• **GIVEN INFORMATION**:

----

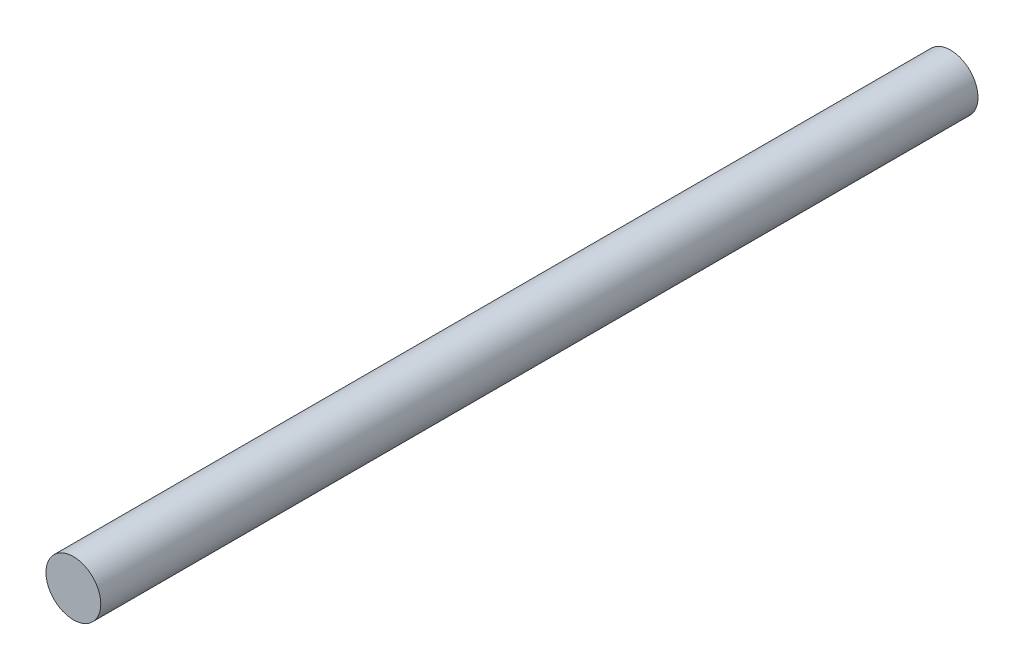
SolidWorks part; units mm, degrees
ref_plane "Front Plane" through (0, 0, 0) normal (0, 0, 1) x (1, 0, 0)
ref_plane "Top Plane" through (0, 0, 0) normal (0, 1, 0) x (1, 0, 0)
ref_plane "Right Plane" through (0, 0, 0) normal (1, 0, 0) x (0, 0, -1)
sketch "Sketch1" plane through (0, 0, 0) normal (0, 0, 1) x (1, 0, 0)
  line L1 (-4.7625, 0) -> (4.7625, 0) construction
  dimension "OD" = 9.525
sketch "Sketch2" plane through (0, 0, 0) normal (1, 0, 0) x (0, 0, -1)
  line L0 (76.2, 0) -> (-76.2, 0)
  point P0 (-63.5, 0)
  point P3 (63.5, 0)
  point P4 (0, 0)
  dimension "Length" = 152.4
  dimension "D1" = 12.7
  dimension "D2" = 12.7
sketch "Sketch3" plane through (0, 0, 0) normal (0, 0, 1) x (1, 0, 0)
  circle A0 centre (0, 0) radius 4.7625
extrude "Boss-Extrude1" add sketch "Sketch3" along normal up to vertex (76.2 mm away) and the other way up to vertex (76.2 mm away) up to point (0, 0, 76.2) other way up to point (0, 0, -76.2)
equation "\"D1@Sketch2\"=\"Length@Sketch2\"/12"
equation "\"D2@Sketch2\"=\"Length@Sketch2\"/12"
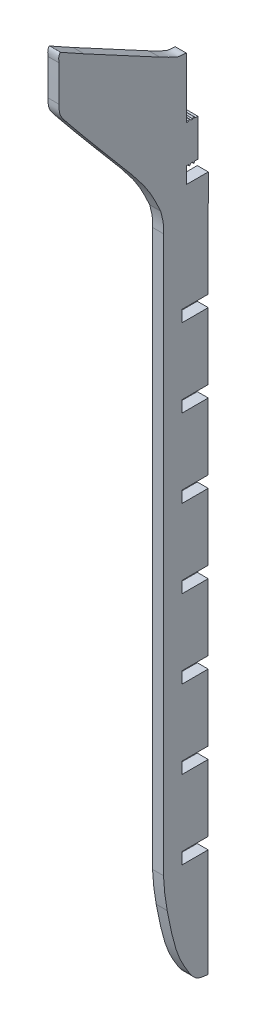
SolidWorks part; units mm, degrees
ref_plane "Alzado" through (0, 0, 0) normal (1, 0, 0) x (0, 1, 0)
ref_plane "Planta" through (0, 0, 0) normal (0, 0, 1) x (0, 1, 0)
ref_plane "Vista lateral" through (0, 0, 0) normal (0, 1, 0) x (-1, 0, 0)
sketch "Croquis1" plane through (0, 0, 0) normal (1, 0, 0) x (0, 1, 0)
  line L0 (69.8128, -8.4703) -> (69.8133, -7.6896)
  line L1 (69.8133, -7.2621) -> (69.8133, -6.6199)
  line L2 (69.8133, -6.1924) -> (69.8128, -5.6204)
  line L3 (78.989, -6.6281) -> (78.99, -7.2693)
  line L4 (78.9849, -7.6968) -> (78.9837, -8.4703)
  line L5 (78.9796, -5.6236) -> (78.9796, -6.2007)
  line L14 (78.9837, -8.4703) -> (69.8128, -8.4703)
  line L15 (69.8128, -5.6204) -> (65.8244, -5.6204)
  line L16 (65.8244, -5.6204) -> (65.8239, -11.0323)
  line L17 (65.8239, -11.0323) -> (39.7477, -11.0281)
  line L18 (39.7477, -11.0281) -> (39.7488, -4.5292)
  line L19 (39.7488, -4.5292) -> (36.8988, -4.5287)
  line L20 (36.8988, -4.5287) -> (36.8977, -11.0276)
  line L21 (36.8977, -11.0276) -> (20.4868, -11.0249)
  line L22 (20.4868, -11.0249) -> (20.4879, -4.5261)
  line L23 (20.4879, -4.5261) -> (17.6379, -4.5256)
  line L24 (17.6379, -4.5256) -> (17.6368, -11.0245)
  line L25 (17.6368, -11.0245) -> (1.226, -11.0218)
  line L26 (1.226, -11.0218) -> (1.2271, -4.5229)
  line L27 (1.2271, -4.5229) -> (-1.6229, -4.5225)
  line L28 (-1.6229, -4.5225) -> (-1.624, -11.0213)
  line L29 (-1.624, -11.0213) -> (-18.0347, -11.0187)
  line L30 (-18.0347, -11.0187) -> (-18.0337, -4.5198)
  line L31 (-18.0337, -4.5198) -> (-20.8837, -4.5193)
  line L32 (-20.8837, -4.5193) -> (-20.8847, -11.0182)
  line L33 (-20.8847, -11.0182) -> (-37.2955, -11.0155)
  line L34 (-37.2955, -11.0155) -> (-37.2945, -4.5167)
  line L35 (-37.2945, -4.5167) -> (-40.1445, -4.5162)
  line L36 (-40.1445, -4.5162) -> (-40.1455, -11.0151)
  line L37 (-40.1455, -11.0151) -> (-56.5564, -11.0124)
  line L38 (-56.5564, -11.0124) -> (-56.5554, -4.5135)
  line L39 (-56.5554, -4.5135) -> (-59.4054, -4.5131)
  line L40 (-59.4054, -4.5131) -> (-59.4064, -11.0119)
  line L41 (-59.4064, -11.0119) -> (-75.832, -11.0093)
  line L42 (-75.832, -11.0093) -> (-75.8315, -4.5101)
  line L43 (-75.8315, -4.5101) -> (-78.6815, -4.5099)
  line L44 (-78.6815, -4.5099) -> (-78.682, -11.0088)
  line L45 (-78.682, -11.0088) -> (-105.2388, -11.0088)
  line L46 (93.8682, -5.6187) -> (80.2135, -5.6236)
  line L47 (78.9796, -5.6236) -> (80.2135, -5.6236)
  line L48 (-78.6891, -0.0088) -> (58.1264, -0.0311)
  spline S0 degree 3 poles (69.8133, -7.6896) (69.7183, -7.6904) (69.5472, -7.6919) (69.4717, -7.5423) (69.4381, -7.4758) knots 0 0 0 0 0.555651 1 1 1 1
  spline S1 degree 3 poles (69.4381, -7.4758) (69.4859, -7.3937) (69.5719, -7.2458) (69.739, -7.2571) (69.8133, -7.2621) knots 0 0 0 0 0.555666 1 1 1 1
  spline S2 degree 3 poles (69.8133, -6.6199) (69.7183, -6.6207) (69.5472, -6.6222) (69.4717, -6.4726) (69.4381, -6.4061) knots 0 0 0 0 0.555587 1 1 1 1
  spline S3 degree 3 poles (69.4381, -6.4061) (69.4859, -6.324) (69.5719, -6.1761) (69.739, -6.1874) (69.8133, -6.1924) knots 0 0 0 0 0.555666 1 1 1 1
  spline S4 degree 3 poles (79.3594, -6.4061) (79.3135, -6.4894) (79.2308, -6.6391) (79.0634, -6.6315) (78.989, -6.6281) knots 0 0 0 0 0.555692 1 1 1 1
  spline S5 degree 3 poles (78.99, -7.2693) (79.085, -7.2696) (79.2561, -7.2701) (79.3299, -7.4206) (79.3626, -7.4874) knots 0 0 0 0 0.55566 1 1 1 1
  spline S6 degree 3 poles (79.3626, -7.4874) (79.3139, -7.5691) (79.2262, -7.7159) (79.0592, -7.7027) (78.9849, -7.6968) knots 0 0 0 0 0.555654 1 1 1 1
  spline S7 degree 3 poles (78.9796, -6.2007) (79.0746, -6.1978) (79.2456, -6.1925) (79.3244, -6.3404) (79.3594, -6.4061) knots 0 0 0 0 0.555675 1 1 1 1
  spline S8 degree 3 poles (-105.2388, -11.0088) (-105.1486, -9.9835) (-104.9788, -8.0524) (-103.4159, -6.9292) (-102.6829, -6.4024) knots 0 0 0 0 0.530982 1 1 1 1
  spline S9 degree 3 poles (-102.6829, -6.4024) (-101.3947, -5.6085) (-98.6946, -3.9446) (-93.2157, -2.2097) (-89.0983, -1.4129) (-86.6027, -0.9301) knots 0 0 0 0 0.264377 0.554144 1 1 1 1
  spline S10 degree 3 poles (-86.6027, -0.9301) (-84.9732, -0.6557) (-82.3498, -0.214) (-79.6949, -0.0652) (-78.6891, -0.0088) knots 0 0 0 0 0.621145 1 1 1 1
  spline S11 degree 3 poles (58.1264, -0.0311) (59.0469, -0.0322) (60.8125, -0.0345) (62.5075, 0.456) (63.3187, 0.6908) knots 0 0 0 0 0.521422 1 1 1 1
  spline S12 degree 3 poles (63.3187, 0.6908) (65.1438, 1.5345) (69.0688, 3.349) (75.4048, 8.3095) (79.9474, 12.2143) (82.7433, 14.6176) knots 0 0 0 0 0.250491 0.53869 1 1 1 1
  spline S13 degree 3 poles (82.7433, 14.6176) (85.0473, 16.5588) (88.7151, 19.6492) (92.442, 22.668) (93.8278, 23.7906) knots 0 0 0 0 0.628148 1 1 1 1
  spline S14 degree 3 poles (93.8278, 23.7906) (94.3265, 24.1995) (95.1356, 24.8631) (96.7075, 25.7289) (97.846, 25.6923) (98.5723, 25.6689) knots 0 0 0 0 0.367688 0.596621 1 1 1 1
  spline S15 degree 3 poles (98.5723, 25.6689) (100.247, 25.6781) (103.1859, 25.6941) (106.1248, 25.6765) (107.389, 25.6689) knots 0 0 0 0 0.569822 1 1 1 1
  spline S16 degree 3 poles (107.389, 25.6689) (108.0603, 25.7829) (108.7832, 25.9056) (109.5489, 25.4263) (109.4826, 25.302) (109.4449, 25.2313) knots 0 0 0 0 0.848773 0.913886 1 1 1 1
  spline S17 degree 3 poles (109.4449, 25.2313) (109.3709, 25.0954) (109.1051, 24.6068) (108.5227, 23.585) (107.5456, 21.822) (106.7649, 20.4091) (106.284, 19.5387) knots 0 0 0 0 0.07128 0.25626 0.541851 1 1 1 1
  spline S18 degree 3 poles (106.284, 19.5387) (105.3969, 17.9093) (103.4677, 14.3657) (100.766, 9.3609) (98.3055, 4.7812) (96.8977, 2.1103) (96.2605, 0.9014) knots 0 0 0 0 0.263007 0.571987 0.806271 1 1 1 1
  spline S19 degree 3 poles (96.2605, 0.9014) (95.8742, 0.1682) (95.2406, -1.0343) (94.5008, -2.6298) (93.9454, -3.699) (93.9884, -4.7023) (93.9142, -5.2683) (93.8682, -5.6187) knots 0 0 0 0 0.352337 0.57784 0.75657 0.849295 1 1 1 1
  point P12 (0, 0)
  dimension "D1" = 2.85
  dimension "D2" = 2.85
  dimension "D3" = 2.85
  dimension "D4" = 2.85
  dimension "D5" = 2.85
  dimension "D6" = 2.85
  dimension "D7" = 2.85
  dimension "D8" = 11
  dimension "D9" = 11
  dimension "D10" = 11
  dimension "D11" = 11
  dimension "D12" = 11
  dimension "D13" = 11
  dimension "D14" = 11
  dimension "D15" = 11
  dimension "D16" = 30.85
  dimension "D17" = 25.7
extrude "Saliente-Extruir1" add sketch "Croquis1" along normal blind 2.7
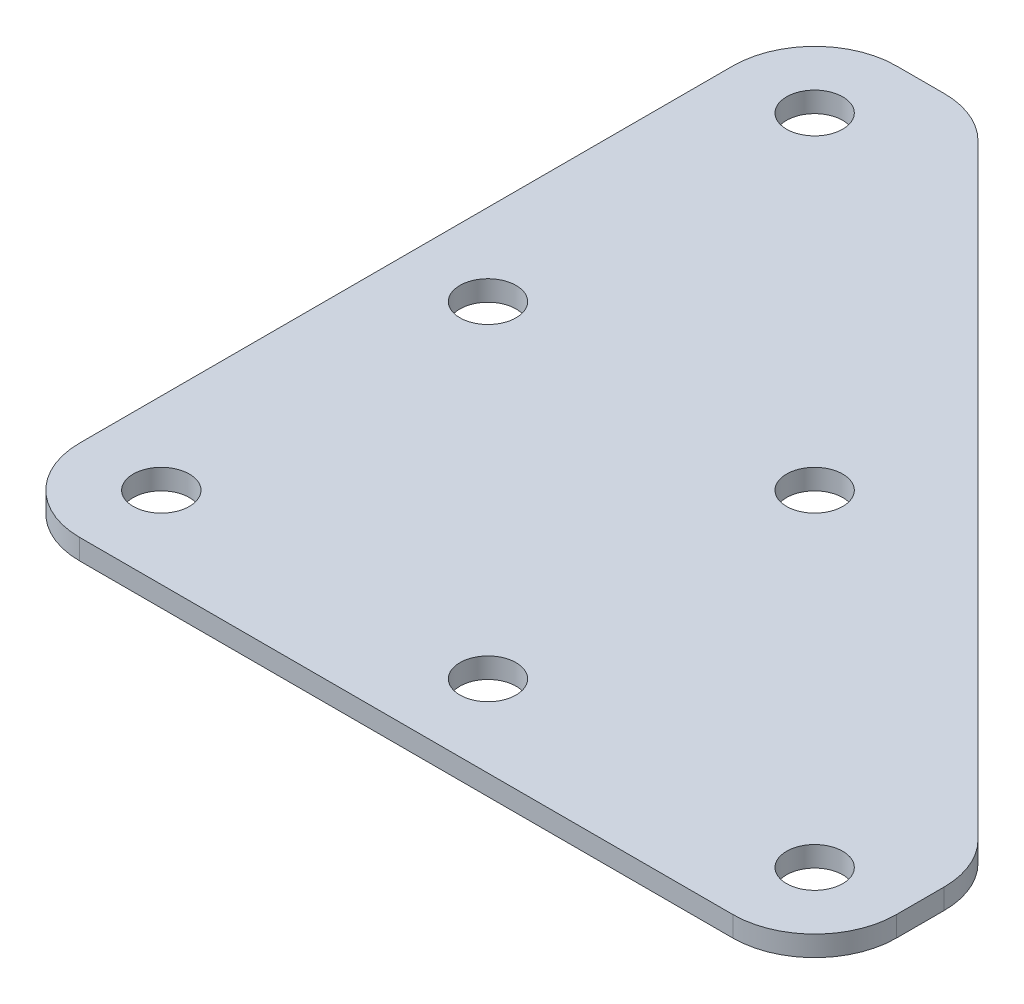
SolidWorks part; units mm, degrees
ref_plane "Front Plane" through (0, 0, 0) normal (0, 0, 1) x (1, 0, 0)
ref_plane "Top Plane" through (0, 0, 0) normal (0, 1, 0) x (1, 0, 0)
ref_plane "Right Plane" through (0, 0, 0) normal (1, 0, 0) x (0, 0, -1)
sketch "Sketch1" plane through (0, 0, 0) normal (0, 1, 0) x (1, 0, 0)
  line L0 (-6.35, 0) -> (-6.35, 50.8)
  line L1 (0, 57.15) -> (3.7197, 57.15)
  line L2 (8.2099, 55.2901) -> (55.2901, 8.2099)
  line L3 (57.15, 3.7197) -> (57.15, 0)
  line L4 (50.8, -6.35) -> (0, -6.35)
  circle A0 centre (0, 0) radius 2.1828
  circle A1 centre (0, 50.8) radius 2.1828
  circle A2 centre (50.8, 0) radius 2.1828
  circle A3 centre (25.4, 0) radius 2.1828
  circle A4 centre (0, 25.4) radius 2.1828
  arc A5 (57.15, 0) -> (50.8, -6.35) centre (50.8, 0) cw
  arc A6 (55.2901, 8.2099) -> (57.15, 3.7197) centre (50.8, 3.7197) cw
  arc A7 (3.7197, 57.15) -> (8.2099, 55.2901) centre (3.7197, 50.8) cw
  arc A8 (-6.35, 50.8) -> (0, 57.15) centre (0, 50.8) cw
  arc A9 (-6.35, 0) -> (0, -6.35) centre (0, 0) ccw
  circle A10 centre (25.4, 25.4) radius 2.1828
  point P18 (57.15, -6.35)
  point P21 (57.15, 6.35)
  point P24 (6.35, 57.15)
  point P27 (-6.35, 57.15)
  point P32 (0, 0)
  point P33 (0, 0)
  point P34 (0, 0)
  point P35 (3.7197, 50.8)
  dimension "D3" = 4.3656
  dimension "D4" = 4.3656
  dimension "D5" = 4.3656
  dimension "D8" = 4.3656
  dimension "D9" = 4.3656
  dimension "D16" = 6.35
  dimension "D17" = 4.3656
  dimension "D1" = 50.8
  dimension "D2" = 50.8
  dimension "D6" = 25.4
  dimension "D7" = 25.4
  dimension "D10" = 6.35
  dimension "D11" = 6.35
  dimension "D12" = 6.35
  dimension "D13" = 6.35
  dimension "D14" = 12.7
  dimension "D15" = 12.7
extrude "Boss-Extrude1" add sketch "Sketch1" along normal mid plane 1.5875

----

• **WORK REQUEST**: Work out how many lines in the material above hold the word "radius"; answer with the number only.

• **REPLY TO THE EXERCISE**: 7